The power of these commands is simply the */ part which is expanded by the shell to match any (non-hidden) file with a name ending with a forward slash and of course only directories will end with a slash. The reason you you would find no reference to this in the ls man page because it is not an ls feature. It is a shell expansion feature, so if it were to be listed as an example anywhere it would be in the expansion section of your shell's man page. Consider also that if you used a shell that did not expand * like this, the command would fail.

By the way the -d is needed in your example because otherwise you would get the contents of the directories, since that is what ls always does by default when you list a direct as an option.

In any case it isn't true that you can use any of the ls options. For example you cannot use -a to show hidden files because ls did not filter them out in the first place. The */ never matched them.

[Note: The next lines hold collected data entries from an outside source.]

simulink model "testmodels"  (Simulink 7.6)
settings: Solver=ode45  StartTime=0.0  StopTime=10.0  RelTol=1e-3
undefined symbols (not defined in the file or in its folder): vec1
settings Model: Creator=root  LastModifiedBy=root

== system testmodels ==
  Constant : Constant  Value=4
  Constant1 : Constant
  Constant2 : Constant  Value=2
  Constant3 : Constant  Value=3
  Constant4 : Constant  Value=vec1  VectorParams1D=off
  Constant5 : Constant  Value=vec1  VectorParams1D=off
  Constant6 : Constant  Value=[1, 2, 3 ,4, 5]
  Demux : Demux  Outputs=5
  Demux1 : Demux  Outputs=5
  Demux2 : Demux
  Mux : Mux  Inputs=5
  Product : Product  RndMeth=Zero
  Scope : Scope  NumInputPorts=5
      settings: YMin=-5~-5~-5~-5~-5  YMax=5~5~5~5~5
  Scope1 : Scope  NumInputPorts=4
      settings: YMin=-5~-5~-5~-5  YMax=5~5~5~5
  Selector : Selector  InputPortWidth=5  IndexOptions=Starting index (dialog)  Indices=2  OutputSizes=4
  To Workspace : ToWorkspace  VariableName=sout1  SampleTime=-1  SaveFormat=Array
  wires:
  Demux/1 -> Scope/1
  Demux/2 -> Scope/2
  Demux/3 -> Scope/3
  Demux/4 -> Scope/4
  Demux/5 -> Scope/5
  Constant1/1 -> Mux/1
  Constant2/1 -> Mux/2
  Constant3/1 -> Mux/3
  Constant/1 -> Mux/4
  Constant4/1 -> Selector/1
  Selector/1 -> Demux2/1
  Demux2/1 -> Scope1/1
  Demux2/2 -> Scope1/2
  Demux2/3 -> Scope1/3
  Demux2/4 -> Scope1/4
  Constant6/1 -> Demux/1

Therefore the 'correct' way to do this (if you really wanted to do it) would be to use either the tree or find examples. They are not dependent on the shell and hence you can continue to use all of their options.

Quote:
Originally Posted by stf92 View Post
a simple 'DIR /S/AD' will give you all dirs to any depth.
You forgot to answer my question. I'll therefore repeat it for you with highlighting

Quote:
Originally Posted by ruario View Post
Both can easily be tweaked to list further subdirectories as well (remove or adjust '-L 1' from the first or '-maxdepth 1' from the second). How is this done in DOS? Say I specifically wanted to list three levels deep
With tree you could do this as follows

Code:
tree -adL 3
or with find

Code:
find . -maxdepth 3 -type d
Now can you do the same with DIR on Windows? Perhaps it is not so simple to do now, due to the limited options on Windows.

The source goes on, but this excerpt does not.